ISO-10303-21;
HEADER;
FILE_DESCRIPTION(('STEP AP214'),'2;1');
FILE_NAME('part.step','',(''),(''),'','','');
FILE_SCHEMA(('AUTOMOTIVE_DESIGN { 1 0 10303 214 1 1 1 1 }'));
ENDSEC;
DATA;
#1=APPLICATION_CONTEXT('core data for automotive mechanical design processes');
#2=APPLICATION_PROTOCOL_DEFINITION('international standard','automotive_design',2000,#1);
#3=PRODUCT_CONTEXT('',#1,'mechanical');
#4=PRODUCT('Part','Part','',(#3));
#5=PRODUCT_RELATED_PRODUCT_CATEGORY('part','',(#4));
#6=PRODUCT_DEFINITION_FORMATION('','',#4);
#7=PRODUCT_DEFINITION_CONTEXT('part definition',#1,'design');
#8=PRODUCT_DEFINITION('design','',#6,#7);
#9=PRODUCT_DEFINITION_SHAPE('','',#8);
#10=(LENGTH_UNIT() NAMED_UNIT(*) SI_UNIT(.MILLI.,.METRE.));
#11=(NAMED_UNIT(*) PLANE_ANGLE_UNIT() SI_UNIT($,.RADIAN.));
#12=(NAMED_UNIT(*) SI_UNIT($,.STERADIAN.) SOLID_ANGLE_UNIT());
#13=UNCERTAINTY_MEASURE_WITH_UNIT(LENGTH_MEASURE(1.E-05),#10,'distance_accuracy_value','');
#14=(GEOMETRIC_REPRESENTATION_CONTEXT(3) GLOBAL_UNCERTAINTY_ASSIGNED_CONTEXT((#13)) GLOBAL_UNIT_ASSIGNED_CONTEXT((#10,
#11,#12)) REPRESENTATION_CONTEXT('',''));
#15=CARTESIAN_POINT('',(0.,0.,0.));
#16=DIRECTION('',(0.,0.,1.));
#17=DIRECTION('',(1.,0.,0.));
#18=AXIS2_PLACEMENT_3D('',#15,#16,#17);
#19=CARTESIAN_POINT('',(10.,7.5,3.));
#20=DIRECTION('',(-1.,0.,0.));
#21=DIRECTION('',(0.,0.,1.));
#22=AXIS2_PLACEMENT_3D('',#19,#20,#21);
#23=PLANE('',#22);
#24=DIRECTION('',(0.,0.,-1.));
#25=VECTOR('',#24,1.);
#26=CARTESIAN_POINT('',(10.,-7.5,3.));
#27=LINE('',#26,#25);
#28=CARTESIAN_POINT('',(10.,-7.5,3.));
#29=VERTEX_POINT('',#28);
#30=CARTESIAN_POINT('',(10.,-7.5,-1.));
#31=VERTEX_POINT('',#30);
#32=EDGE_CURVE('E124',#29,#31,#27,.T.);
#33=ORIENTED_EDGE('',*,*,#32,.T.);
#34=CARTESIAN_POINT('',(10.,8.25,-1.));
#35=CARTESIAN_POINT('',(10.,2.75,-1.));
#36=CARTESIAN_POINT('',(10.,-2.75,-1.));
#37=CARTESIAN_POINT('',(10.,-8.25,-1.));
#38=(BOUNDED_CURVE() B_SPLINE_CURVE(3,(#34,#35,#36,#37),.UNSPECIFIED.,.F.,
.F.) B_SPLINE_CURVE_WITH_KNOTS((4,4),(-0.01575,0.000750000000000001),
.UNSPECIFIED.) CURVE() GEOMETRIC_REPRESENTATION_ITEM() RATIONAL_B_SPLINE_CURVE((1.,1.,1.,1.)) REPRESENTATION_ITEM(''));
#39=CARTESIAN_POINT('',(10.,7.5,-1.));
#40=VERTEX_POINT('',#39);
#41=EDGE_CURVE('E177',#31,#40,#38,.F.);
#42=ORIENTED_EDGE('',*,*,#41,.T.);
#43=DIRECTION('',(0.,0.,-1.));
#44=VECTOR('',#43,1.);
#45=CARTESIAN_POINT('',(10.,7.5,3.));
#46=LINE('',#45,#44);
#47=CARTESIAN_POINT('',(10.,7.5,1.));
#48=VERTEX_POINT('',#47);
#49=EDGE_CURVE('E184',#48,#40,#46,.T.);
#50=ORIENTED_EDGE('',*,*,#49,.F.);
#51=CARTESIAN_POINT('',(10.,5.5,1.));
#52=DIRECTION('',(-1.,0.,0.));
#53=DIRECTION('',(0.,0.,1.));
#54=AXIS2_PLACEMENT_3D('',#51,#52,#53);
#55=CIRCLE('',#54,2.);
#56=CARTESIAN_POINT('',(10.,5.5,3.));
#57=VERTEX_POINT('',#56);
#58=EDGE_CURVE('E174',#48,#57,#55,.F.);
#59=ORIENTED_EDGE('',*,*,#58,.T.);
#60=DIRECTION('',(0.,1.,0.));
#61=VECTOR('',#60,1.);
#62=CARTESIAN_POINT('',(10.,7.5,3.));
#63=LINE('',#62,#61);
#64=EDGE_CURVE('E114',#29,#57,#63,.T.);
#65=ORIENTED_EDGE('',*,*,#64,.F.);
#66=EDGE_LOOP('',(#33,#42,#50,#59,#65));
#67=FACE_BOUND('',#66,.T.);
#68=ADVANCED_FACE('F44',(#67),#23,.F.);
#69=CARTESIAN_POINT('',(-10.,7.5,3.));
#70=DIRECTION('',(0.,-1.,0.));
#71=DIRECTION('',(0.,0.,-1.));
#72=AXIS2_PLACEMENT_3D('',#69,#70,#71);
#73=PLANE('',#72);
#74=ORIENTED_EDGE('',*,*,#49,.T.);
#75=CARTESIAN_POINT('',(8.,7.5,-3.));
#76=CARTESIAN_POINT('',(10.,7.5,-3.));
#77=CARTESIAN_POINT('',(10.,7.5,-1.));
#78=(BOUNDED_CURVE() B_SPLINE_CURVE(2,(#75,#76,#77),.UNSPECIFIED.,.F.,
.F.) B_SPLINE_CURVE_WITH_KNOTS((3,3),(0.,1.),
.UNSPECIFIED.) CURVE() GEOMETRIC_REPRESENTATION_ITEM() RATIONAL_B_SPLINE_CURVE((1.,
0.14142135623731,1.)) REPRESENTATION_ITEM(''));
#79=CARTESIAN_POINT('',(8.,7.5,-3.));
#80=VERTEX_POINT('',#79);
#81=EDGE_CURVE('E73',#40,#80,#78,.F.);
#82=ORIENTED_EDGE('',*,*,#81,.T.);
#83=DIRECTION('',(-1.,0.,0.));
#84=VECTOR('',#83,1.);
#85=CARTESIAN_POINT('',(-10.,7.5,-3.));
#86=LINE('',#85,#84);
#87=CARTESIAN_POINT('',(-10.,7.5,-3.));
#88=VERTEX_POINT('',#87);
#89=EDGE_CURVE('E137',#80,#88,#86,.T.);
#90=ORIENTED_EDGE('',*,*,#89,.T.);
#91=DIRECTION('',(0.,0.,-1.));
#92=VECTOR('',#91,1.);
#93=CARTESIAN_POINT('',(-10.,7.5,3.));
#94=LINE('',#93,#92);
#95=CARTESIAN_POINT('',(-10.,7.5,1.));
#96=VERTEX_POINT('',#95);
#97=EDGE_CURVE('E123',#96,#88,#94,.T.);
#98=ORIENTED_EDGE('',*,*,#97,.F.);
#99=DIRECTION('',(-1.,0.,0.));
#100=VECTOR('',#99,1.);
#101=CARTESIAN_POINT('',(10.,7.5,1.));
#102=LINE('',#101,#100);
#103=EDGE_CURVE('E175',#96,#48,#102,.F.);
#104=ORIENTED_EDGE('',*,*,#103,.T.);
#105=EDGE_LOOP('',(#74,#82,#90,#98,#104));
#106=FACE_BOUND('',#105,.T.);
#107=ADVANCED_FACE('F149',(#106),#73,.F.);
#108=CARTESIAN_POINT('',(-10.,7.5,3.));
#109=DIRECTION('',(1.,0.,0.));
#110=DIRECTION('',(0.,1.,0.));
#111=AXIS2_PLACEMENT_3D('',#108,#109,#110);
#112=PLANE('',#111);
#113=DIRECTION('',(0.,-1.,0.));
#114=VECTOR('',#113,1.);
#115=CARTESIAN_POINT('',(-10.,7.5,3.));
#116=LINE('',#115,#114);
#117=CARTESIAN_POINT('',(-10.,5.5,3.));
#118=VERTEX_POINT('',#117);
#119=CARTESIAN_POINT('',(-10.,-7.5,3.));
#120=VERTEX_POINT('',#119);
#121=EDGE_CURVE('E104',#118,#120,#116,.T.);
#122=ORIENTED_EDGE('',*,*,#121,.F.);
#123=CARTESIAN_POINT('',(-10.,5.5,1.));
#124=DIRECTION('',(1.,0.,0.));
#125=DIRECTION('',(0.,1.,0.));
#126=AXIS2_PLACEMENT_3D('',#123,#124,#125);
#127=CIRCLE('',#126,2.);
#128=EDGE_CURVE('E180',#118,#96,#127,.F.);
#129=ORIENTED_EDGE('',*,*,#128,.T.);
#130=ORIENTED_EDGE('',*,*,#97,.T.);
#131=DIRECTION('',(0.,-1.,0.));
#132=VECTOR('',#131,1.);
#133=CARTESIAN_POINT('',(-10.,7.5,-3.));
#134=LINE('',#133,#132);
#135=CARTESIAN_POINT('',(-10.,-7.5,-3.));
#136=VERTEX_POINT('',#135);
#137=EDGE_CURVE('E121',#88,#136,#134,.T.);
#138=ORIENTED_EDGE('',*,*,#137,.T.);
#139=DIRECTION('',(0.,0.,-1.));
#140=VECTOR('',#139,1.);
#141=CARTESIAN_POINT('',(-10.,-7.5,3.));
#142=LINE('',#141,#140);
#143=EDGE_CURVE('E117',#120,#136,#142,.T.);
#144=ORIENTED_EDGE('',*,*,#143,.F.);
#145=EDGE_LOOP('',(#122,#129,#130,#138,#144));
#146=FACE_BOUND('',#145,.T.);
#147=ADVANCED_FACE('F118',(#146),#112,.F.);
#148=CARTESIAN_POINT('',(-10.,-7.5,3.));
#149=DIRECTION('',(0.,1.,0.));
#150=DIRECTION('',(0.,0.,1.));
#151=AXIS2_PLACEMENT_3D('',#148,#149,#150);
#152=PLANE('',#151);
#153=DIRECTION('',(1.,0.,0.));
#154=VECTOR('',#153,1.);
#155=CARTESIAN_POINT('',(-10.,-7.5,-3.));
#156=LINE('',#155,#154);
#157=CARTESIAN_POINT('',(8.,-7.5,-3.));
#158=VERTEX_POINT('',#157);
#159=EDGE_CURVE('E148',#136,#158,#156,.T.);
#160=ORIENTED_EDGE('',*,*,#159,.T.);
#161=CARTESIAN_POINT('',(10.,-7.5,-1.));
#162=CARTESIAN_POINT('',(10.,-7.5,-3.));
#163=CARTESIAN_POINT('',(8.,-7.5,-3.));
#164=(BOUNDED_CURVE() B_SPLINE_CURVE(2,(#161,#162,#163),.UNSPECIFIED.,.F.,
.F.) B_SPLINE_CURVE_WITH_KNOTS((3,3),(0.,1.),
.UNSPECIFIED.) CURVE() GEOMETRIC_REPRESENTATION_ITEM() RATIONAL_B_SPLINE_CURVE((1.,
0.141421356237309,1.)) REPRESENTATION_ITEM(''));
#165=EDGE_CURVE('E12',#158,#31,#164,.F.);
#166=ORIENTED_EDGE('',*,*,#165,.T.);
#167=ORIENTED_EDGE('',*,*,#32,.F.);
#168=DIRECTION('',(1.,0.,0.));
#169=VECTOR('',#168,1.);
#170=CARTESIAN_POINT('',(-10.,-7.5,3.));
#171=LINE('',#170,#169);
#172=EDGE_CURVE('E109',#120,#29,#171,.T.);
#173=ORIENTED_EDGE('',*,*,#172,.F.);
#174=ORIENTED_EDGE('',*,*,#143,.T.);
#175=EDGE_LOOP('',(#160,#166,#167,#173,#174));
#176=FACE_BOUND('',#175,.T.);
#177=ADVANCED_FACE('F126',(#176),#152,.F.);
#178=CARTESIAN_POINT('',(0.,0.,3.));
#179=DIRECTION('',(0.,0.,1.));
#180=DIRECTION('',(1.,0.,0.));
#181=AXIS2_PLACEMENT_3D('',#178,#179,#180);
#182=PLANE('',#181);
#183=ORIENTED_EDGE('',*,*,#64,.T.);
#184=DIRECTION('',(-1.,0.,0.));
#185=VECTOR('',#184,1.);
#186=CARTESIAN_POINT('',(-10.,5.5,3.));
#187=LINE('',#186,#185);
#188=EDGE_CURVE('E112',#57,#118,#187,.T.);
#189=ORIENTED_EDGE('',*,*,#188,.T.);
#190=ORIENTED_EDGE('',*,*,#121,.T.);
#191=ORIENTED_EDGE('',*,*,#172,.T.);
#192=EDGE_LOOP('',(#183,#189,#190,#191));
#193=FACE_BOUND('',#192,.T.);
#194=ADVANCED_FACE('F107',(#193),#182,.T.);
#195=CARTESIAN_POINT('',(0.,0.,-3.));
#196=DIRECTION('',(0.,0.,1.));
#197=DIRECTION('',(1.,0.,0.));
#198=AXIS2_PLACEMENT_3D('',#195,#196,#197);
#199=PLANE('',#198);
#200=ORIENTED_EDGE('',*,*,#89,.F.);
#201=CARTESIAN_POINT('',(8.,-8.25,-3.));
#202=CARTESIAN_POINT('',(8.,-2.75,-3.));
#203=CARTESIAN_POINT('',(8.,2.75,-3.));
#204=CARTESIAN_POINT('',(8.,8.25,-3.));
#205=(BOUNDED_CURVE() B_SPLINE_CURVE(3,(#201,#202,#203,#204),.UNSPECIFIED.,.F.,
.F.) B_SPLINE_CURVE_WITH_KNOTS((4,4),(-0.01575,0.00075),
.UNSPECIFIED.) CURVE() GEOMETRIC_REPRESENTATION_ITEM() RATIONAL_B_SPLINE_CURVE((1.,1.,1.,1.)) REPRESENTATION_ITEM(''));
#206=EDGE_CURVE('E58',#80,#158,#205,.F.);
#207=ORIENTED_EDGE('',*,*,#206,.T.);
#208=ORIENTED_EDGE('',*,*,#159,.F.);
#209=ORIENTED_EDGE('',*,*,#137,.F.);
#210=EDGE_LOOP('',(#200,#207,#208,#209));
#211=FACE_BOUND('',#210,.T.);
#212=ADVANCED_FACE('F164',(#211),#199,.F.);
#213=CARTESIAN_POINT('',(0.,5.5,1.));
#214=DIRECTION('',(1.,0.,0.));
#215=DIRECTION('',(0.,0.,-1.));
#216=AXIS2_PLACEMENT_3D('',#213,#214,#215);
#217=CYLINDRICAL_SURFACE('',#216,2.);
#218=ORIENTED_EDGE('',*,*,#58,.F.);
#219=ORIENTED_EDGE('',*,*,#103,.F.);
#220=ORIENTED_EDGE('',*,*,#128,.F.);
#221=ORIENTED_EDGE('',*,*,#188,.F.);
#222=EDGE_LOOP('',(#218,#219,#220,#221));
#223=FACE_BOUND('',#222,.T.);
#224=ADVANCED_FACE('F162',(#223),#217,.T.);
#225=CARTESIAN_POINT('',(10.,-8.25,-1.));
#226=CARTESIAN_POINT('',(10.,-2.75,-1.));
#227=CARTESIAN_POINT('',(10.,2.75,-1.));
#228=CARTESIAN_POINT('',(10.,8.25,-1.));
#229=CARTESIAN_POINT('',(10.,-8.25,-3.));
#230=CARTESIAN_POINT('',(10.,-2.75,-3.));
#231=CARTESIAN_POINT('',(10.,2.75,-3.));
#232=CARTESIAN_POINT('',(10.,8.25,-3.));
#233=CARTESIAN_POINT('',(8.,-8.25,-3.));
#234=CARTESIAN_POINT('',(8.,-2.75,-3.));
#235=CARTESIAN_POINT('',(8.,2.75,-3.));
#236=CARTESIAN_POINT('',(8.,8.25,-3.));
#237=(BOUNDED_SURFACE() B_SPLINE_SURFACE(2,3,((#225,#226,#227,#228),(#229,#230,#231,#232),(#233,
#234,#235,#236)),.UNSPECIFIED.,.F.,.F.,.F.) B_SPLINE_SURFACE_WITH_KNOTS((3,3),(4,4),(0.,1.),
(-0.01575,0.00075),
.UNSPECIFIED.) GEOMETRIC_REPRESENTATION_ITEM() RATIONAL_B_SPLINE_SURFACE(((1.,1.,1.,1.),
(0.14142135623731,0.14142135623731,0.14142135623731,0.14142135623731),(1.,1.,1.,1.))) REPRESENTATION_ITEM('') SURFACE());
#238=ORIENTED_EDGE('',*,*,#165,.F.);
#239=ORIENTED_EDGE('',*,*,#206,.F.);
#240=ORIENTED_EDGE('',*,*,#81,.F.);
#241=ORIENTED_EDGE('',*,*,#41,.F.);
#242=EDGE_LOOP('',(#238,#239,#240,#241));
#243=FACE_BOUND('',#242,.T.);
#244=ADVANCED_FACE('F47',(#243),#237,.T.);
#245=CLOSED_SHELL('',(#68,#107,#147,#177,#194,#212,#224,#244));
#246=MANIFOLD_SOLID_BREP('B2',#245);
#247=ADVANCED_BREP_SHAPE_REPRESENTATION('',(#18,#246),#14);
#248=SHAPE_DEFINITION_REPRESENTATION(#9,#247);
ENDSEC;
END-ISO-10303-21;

(EXERCISE REQUIREMENTS): Which lines of the records above hold the word "mechanical"? Copy each one out.

(RESULT FOR THIS EXERCISE):
#1=APPLICATION_CONTEXT('core data for automotive mechanical design processes');
#3=PRODUCT_CONTEXT('',#1,'mechanical');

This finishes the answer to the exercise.